<<<<

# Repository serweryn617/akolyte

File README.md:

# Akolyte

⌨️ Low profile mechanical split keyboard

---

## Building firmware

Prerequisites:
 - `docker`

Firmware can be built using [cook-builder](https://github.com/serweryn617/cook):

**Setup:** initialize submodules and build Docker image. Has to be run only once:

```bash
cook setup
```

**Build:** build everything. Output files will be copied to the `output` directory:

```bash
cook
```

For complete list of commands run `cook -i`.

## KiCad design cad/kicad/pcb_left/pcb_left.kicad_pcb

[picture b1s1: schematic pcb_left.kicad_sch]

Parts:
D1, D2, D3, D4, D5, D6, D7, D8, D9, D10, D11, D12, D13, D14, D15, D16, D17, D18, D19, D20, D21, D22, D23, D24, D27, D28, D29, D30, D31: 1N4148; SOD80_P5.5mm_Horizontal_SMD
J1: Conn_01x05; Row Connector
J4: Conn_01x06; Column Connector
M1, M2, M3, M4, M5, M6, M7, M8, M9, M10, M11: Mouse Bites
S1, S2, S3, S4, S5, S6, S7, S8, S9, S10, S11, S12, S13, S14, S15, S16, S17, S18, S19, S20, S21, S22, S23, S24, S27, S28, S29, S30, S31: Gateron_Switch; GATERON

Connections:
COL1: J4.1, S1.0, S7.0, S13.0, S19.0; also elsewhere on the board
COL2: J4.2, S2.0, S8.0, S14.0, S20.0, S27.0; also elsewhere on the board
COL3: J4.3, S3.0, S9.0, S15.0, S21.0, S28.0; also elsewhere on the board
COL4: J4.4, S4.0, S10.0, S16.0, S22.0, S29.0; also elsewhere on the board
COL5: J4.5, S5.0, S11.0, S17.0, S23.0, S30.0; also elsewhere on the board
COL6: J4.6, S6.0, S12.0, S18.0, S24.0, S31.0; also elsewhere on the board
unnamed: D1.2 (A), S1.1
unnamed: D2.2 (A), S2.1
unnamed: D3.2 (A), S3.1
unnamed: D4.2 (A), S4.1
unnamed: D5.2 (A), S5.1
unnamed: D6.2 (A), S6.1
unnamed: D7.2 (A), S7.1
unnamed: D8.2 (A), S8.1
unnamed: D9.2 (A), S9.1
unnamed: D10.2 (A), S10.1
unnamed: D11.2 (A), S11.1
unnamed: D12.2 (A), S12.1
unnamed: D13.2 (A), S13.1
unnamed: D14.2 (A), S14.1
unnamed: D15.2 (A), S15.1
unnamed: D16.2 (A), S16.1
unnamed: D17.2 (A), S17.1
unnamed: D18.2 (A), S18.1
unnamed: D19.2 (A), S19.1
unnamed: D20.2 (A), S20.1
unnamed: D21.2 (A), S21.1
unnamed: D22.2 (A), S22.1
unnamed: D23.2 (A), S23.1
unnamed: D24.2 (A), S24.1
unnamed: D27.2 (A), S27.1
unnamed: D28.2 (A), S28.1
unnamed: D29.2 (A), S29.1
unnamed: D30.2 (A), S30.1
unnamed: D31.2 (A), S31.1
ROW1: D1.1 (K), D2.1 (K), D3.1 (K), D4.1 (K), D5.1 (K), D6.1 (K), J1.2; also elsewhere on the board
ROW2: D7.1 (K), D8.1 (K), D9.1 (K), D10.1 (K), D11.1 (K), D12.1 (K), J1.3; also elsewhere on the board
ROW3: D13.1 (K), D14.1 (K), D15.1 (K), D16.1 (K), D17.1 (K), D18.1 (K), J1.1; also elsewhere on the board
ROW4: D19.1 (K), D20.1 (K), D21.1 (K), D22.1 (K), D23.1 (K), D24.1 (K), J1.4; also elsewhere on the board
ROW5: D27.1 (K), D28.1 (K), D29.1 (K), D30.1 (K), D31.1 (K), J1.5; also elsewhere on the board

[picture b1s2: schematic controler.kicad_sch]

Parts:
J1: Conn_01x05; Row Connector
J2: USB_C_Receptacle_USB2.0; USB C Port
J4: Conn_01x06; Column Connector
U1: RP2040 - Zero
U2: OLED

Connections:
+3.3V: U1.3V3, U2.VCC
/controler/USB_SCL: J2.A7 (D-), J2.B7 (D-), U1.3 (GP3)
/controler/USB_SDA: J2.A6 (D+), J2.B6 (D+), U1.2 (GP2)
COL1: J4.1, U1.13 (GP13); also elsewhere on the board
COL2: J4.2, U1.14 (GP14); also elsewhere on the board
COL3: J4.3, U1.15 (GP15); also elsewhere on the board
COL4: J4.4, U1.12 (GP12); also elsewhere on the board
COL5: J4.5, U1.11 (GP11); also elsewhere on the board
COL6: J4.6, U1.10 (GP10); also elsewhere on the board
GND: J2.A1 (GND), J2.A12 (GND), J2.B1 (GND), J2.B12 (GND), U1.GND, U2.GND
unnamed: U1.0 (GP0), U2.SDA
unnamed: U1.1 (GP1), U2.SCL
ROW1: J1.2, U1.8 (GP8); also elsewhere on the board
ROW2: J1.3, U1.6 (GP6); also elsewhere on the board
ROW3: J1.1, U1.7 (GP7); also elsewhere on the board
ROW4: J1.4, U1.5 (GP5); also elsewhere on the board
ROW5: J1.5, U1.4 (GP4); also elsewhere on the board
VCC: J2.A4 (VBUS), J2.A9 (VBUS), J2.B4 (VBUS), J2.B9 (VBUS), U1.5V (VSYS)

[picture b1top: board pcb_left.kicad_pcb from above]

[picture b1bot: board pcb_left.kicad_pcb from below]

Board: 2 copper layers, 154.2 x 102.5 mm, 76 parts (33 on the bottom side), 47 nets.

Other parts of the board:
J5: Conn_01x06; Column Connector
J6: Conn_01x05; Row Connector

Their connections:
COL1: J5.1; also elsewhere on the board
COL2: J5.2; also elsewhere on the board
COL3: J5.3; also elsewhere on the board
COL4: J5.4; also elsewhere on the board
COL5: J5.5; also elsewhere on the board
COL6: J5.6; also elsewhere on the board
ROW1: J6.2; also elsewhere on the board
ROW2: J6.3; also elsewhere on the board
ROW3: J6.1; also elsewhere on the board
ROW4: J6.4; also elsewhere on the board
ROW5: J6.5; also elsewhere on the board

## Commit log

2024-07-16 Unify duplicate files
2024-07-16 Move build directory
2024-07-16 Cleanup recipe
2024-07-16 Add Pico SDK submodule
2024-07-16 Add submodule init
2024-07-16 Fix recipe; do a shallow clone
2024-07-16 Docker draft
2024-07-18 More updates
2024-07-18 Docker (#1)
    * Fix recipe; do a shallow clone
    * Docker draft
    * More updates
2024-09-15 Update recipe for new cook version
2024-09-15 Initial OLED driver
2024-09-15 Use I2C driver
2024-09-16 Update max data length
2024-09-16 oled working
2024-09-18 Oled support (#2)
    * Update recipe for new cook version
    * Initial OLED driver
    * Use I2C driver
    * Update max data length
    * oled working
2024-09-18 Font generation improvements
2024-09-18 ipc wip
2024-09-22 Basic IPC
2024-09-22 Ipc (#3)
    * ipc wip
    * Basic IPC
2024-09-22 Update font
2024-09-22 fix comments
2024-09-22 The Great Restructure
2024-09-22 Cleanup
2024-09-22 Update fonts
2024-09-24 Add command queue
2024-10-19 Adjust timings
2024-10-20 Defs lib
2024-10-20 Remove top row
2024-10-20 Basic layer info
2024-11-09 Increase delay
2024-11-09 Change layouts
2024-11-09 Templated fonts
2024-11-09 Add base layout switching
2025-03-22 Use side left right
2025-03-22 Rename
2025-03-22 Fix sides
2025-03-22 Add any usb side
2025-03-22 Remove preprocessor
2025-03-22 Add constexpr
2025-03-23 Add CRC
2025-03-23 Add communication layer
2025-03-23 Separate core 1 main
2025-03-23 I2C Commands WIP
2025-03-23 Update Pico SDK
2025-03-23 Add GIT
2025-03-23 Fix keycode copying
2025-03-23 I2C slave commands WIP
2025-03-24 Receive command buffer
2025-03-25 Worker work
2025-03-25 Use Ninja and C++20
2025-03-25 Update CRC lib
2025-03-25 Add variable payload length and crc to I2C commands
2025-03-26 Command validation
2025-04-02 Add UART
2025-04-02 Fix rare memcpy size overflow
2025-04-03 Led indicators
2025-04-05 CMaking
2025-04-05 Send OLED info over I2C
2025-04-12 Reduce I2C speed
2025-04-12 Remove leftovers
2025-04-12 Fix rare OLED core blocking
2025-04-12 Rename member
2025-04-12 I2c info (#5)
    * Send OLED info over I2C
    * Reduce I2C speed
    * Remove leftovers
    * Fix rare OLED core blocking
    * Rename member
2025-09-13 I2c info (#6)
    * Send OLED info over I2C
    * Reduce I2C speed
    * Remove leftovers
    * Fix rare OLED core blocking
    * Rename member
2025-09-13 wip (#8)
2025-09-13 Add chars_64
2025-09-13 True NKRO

>>>>

## WHAT NEEDS TO BE DONE
Among the entries above, locate the lines containing "ROW1: J6.2; also elsewhere on the board" and "2024-07-16 Docker draft", and transcribe exactly those two lines and all lines between.

## RESULT
ROW1: J6.2; also elsewhere on the board
ROW2: J6.3; also elsewhere on the board
ROW3: J6.1; also elsewhere on the board
ROW4: J6.4; also elsewhere on the board
ROW5: J6.5; also elsewhere on the board

## Commit log

2024-07-16 Unify duplicate files
2024-07-16 Move build directory
2024-07-16 Cleanup recipe
2024-07-16 Add Pico SDK submodule
2024-07-16 Add submodule init
2024-07-16 Fix recipe; do a shallow clone
2024-07-16 Docker draft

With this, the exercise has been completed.